Floods have devastated entire townsImage: AP

Chohan said the role of these user generated platforms is to fill the gap left by the cumbersome aid industry.

"Right now we are seeing a lot of anger from the people towards government and aid agencies," he sad. "Aid is not getting through."

However, not everyone in the aid business agrees that user-generated content collated by sites like PakReport is as valuable to the relief effort as the site's developers claim it is.

"It's not just about having a computerized way of gathering data after a disaster," Marcal Izard, a spokesperson from the International Red Cross on the Haitian deployment, told Deutsche Welle. "That data can be useful, yes, but you still need people, experts with knowledge on how to react and what to do with that data."

Izard added that relief work requires verification and expertise.

"We can operate just as quickly as Ushahidi in getting information on the ground," he said. "We had over 60 staff in Haiti, people who had lived there for five to 10 years - but we also have the advantage of quality control over that information."

Izard said it is not always advantageous to put information about disaster and conflict areas online for the world to see.

"For instance, the ICRC does a lot of work in war zones," he said. "There are military concerns for not mapping those areas and putting it on the Web. We could get people pretending to be humanitarians when in fact they are trying to influence where aid is being distributed."

The future of humanitarian aid relief?

Pakistani flood victims jostle to get relief food distributed by volunteers in Shekarpur, Pakistan.
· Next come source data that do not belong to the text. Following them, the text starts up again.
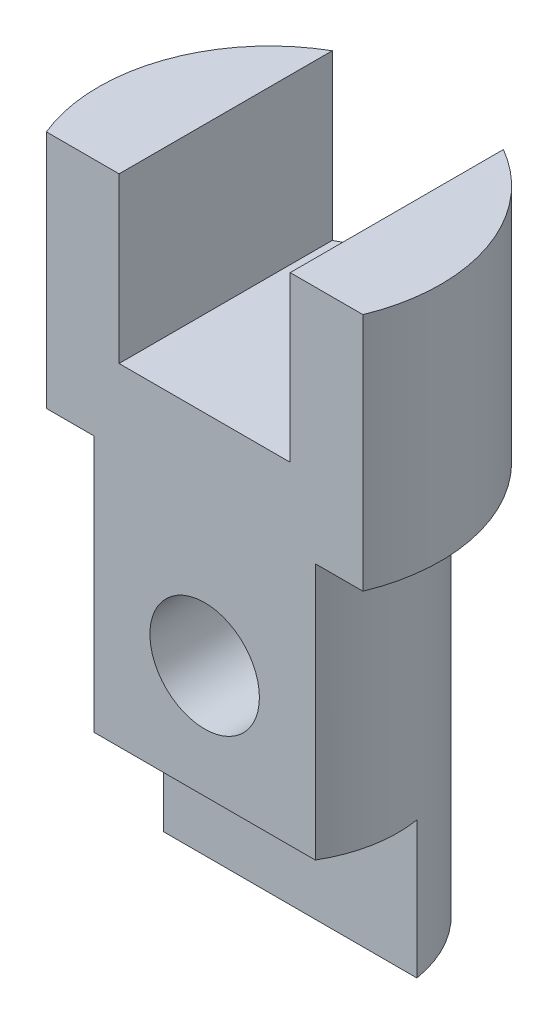
ISO-10303-21;
HEADER;
FILE_DESCRIPTION(('STEP AP214'),'2;1');
FILE_NAME('part.step','',(''),(''),'','','');
FILE_SCHEMA(('AUTOMOTIVE_DESIGN { 1 0 10303 214 1 1 1 1 }'));
ENDSEC;
DATA;
#1=APPLICATION_CONTEXT('core data for automotive mechanical design processes');
#2=APPLICATION_PROTOCOL_DEFINITION('international standard','automotive_design',2000,#1);
#3=PRODUCT_CONTEXT('',#1,'mechanical');
#4=PRODUCT('Part','Part','',(#3));
#5=PRODUCT_RELATED_PRODUCT_CATEGORY('part','',(#4));
#6=PRODUCT_DEFINITION_FORMATION('','',#4);
#7=PRODUCT_DEFINITION_CONTEXT('part definition',#1,'design');
#8=PRODUCT_DEFINITION('design','',#6,#7);
#9=PRODUCT_DEFINITION_SHAPE('','',#8);
#10=(LENGTH_UNIT() NAMED_UNIT(*) SI_UNIT(.MILLI.,.METRE.));
#11=(NAMED_UNIT(*) PLANE_ANGLE_UNIT() SI_UNIT($,.RADIAN.));
#12=(NAMED_UNIT(*) SI_UNIT($,.STERADIAN.) SOLID_ANGLE_UNIT());
#13=UNCERTAINTY_MEASURE_WITH_UNIT(LENGTH_MEASURE(1.E-05),#10,'distance_accuracy_value','');
#14=(GEOMETRIC_REPRESENTATION_CONTEXT(3) GLOBAL_UNCERTAINTY_ASSIGNED_CONTEXT((#13)) GLOBAL_UNIT_ASSIGNED_CONTEXT((#10,
#11,#12)) REPRESENTATION_CONTEXT('',''));
#15=CARTESIAN_POINT('',(0.,0.,0.));
#16=DIRECTION('',(0.,0.,1.));
#17=DIRECTION('',(1.,0.,0.));
#18=AXIS2_PLACEMENT_3D('',#15,#16,#17);
#19=CARTESIAN_POINT('',(0.,70.,0.));
#20=DIRECTION('',(0.,1.,0.));
#21=DIRECTION('',(0.,0.,1.));
#22=AXIS2_PLACEMENT_3D('',#19,#20,#21);
#23=PLANE('',#22);
#24=DIRECTION('',(0.,0.,1.));
#25=VECTOR('',#24,1.);
#26=CARTESIAN_POINT('',(-25.,70.,0.));
#27=LINE('',#26,#25);
#28=CARTESIAN_POINT('',(-25.,70.,-43.3012701892219));
#29=VERTEX_POINT('',#28);
#30=CARTESIAN_POINT('',(-25.,70.,19.));
#31=VERTEX_POINT('',#30);
#32=EDGE_CURVE('E11',#29,#31,#27,.T.);
#33=ORIENTED_EDGE('',*,*,#32,.F.);
#34=CARTESIAN_POINT('',(0.,70.,0.));
#35=DIRECTION('',(0.,1.,0.));
#36=DIRECTION('',(0.,0.,1.));
#37=AXIS2_PLACEMENT_3D('',#34,#35,#36);
#38=CIRCLE('',#37,50.);
#39=CARTESIAN_POINT('',(-46.2493243193887,70.,19.));
#40=VERTEX_POINT('',#39);
#41=EDGE_CURVE('E205',#29,#40,#38,.T.);
#42=ORIENTED_EDGE('',*,*,#41,.T.);
#43=DIRECTION('',(1.,0.,0.));
#44=VECTOR('',#43,1.);
#45=CARTESIAN_POINT('',(-46.2493243193887,70.,19.));
#46=LINE('',#45,#44);
#47=EDGE_CURVE('E206',#40,#31,#46,.T.);
#48=ORIENTED_EDGE('',*,*,#47,.T.);
#49=EDGE_LOOP('',(#33,#42,#48));
#50=FACE_BOUND('',#49,.T.);
#51=ADVANCED_FACE('F42',(#50),#23,.T.);
#52=CARTESIAN_POINT('',(0.,70.,0.));
#53=DIRECTION('',(0.,-1.,0.));
#54=DIRECTION('',(0.,0.,-1.));
#55=AXIS2_PLACEMENT_3D('',#52,#53,#54);
#56=CYLINDRICAL_SURFACE('',#55,50.);
#57=ORIENTED_EDGE('',*,*,#41,.F.);
#58=DIRECTION('',(0.,-1.,0.));
#59=VECTOR('',#58,1.);
#60=CARTESIAN_POINT('',(-25.,70.,-43.3012701892219));
#61=LINE('',#60,#59);
#62=CARTESIAN_POINT('',(-25.,22.,-43.3012701892219));
#63=VERTEX_POINT('',#62);
#64=EDGE_CURVE('E191',#29,#63,#61,.T.);
#65=ORIENTED_EDGE('',*,*,#64,.T.);
#66=CARTESIAN_POINT('',(0.,22.,0.));
#67=DIRECTION('',(0.,-1.,0.));
#68=DIRECTION('',(0.,0.,-1.));
#69=AXIS2_PLACEMENT_3D('',#66,#67,#68);
#70=CIRCLE('',#69,50.);
#71=CARTESIAN_POINT('',(25.,22.,-43.3012701892219));
#72=VERTEX_POINT('',#71);
#73=EDGE_CURVE('E195',#63,#72,#70,.T.);
#74=ORIENTED_EDGE('',*,*,#73,.T.);
#75=DIRECTION('',(0.,-1.,0.));
#76=VECTOR('',#75,1.);
#77=CARTESIAN_POINT('',(25.,70.,-43.3012701892219));
#78=LINE('',#77,#76);
#79=CARTESIAN_POINT('',(25.,70.,-43.3012701892219));
#80=VERTEX_POINT('',#79);
#81=EDGE_CURVE('E184',#72,#80,#78,.F.);
#82=ORIENTED_EDGE('',*,*,#81,.T.);
#83=CARTESIAN_POINT('',(46.2493243193887,70.,19.));
#84=VERTEX_POINT('',#83);
#85=EDGE_CURVE('E200',#84,#80,#38,.T.);
#86=ORIENTED_EDGE('',*,*,#85,.F.);
#87=DIRECTION('',(0.,-1.,0.));
#88=VECTOR('',#87,1.);
#89=CARTESIAN_POINT('',(46.2493243193887,70.,19.));
#90=LINE('',#89,#88);
#91=CARTESIAN_POINT('',(46.2493243193887,0.,19.));
#92=VERTEX_POINT('',#91);
#93=EDGE_CURVE('E210',#84,#92,#90,.T.);
#94=ORIENTED_EDGE('',*,*,#93,.T.);
#95=CARTESIAN_POINT('',(0.,0.,0.));
#96=DIRECTION('',(0.,1.,0.));
#97=DIRECTION('',(0.,0.,1.));
#98=AXIS2_PLACEMENT_3D('',#95,#96,#97);
#99=CIRCLE('',#98,50.);
#100=CARTESIAN_POINT('',(-46.2493243193887,0.,19.));
#101=VERTEX_POINT('',#100);
#102=EDGE_CURVE('E199',#92,#101,#99,.T.);
#103=ORIENTED_EDGE('',*,*,#102,.T.);
#104=DIRECTION('',(0.,-1.,0.));
#105=VECTOR('',#104,1.);
#106=CARTESIAN_POINT('',(-46.2493243193887,70.,19.));
#107=LINE('',#106,#105);
#108=EDGE_CURVE('E57',#40,#101,#107,.T.);
#109=ORIENTED_EDGE('',*,*,#108,.F.);
#110=EDGE_LOOP('',(#57,#65,#74,#82,#86,#94,#103,#109));
#111=FACE_BOUND('',#110,.T.);
#112=ADVANCED_FACE('F44',(#111),#56,.T.);
#113=CARTESIAN_POINT('',(-46.2493243193887,70.,19.));
#114=DIRECTION('',(0.,0.,-1.));
#115=DIRECTION('',(-1.,0.,0.));
#116=AXIS2_PLACEMENT_3D('',#113,#114,#115);
#117=PLANE('',#116);
#118=CARTESIAN_POINT('',(0.,-42.,19.));
#119=DIRECTION('',(0.,0.,1.));
#120=DIRECTION('',(1.,0.,0.));
#121=AXIS2_PLACEMENT_3D('',#118,#119,#120);
#122=CIRCLE('',#121,16.);
#123=CARTESIAN_POINT('',(16.,-42.,19.));
#124=VERTEX_POINT('',#123);
#125=EDGE_CURVE('E242',#124,#124,#122,.T.);
#126=ORIENTED_EDGE('',*,*,#125,.F.);
#127=EDGE_LOOP('',(#126));
#128=FACE_BOUND('',#127,.T.);
#129=DIRECTION('',(1.,0.,0.));
#130=VECTOR('',#129,1.);
#131=CARTESIAN_POINT('',(-25.,22.,19.));
#132=LINE('',#131,#130);
#133=CARTESIAN_POINT('',(-25.,22.,19.));
#134=VERTEX_POINT('',#133);
#135=CARTESIAN_POINT('',(25.,22.,19.));
#136=VERTEX_POINT('',#135);
#137=EDGE_CURVE('E170',#134,#136,#132,.T.);
#138=ORIENTED_EDGE('',*,*,#137,.F.);
#139=DIRECTION('',(0.,1.,0.));
#140=VECTOR('',#139,1.);
#141=CARTESIAN_POINT('',(-25.,22.,19.));
#142=LINE('',#141,#140);
#143=EDGE_CURVE('E178',#134,#31,#142,.T.);
#144=ORIENTED_EDGE('',*,*,#143,.T.);
#145=ORIENTED_EDGE('',*,*,#47,.F.);
#146=ORIENTED_EDGE('',*,*,#108,.T.);
#147=DIRECTION('',(1.,0.,0.));
#148=VECTOR('',#147,1.);
#149=CARTESIAN_POINT('',(-46.2493243193887,0.,19.));
#150=LINE('',#149,#148);
#151=CARTESIAN_POINT('',(-32.3303263206544,0.,19.));
#152=VERTEX_POINT('',#151);
#153=EDGE_CURVE('E215',#101,#152,#150,.T.);
#154=ORIENTED_EDGE('',*,*,#153,.T.);
#155=DIRECTION('',(0.,1.,0.));
#156=VECTOR('',#155,1.);
#157=CARTESIAN_POINT('',(-32.3303263206544,-75.,19.));
#158=LINE('',#157,#156);
#159=CARTESIAN_POINT('',(-32.3303263206544,-75.,19.));
#160=VERTEX_POINT('',#159);
#161=EDGE_CURVE('E157',#160,#152,#158,.T.);
#162=ORIENTED_EDGE('',*,*,#161,.F.);
#163=DIRECTION('',(-1.,0.,0.));
#164=VECTOR('',#163,1.);
#165=CARTESIAN_POINT('',(32.3303263206544,-75.,19.));
#166=LINE('',#165,#164);
#167=CARTESIAN_POINT('',(32.3303263206544,-75.,19.));
#168=VERTEX_POINT('',#167);
#169=EDGE_CURVE('E155',#168,#160,#166,.T.);
#170=ORIENTED_EDGE('',*,*,#169,.F.);
#171=DIRECTION('',(0.,1.,0.));
#172=VECTOR('',#171,1.);
#173=CARTESIAN_POINT('',(32.3303263206544,-75.,19.));
#174=LINE('',#173,#172);
#175=CARTESIAN_POINT('',(32.3303263206544,0.,19.));
#176=VERTEX_POINT('',#175);
#177=EDGE_CURVE('E162',#168,#176,#174,.T.);
#178=ORIENTED_EDGE('',*,*,#177,.T.);
#179=EDGE_CURVE('E214',#176,#92,#150,.T.);
#180=ORIENTED_EDGE('',*,*,#179,.T.);
#181=ORIENTED_EDGE('',*,*,#93,.F.);
#182=CARTESIAN_POINT('',(25.,70.,19.));
#183=VERTEX_POINT('',#182);
#184=EDGE_CURVE('E204',#183,#84,#46,.T.);
#185=ORIENTED_EDGE('',*,*,#184,.F.);
#186=DIRECTION('',(0.,1.,0.));
#187=VECTOR('',#186,1.);
#188=CARTESIAN_POINT('',(25.,22.,19.));
#189=LINE('',#188,#187);
#190=EDGE_CURVE('E181',#136,#183,#189,.T.);
#191=ORIENTED_EDGE('',*,*,#190,.F.);
#192=EDGE_LOOP('',(#138,#144,#145,#146,#154,#162,#170,#178,#180,#181,#185,#191));
#193=FACE_BOUND('',#192,.T.);
#194=ADVANCED_FACE('F227',(#128,#193),#117,.F.);
#195=DIRECTION('',(0.,0.,-1.));
#196=VECTOR('',#195,1.);
#197=CARTESIAN_POINT('',(25.,70.,19.));
#198=LINE('',#197,#196);
#199=EDGE_CURVE('E166',#183,#80,#198,.T.);
#200=ORIENTED_EDGE('',*,*,#199,.F.);
#201=ORIENTED_EDGE('',*,*,#184,.T.);
#202=ORIENTED_EDGE('',*,*,#85,.T.);
#203=EDGE_LOOP('',(#200,#201,#202));
#204=FACE_BOUND('',#203,.T.);
#205=ADVANCED_FACE('F252',(#204),#23,.T.);
#206=CARTESIAN_POINT('',(0.,0.,0.));
#207=DIRECTION('',(0.,1.,0.));
#208=DIRECTION('',(0.,0.,1.));
#209=AXIS2_PLACEMENT_3D('',#206,#207,#208);
#210=PLANE('',#209);
#211=CARTESIAN_POINT('',(0.,0.,0.));
#212=DIRECTION('',(0.,-1.,0.));
#213=DIRECTION('',(0.,0.,-1.));
#214=AXIS2_PLACEMENT_3D('',#211,#212,#213);
#215=CIRCLE('',#214,37.5);
#216=EDGE_CURVE('E72',#152,#176,#215,.T.);
#217=ORIENTED_EDGE('',*,*,#216,.F.);
#218=ORIENTED_EDGE('',*,*,#153,.F.);
#219=ORIENTED_EDGE('',*,*,#102,.F.);
#220=ORIENTED_EDGE('',*,*,#179,.F.);
#221=EDGE_LOOP('',(#217,#218,#219,#220));
#222=FACE_BOUND('',#221,.T.);
#223=ADVANCED_FACE('F234',(#222),#210,.F.);
#224=CARTESIAN_POINT('',(0.,22.,0.));
#225=DIRECTION('',(0.,-1.,0.));
#226=DIRECTION('',(0.,0.,-1.));
#227=AXIS2_PLACEMENT_3D('',#224,#225,#226);
#228=PLANE('',#227);
#229=DIRECTION('',(0.,0.,1.));
#230=VECTOR('',#229,1.);
#231=CARTESIAN_POINT('',(-25.,22.,19.));
#232=LINE('',#231,#230);
#233=EDGE_CURVE('E167',#63,#134,#232,.T.);
#234=ORIENTED_EDGE('',*,*,#233,.T.);
#235=ORIENTED_EDGE('',*,*,#137,.T.);
#236=DIRECTION('',(0.,0.,-1.));
#237=VECTOR('',#236,1.);
#238=CARTESIAN_POINT('',(25.,22.,19.));
#239=LINE('',#238,#237);
#240=EDGE_CURVE('E174',#136,#72,#239,.T.);
#241=ORIENTED_EDGE('',*,*,#240,.T.);
#242=ORIENTED_EDGE('',*,*,#73,.F.);
#243=EDGE_LOOP('',(#234,#235,#241,#242));
#244=FACE_BOUND('',#243,.T.);
#245=ADVANCED_FACE('F269',(#244),#228,.F.);
#246=CARTESIAN_POINT('',(-25.,22.,19.));
#247=DIRECTION('',(-1.,0.,0.));
#248=DIRECTION('',(0.,0.,1.));
#249=AXIS2_PLACEMENT_3D('',#246,#247,#248);
#250=PLANE('',#249);
#251=ORIENTED_EDGE('',*,*,#32,.T.);
#252=ORIENTED_EDGE('',*,*,#143,.F.);
#253=ORIENTED_EDGE('',*,*,#233,.F.);
#254=ORIENTED_EDGE('',*,*,#64,.F.);
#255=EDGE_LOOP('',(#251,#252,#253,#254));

Angry flood survivors in Pakistan blocked a highway to protest slow delivery of aid and heavy rain lashed makeshift housing Monday as a forecast of more flooding increased the urgency of the massive international relief effort.
Pakistani flood victims claim that delivery of aid is too slow in many regionsImage: AP

The Ushahidi open-source platform, which was developed during the civil war in Kenya in 2008, could be useful in the future if it is used to obtain feedback from people who have received aid but are in geographically remote or politically inaccessible places, Izard said.

"For example, if we went to Somalia to deliver rice for their crops it would be good to see how useful that aid was to the people," he said. "Did it grow in the rainy season, or did it fail. Do they need more?"

However, PakReport's Chohan said he thinks open-source data systems will revolutionize the way aid is provided by organizations like the UN in the future.

"Even if we only reach one percent or five percent of the people who need help in Pakistan, there are 18 million of them so it is still a huge number," he said.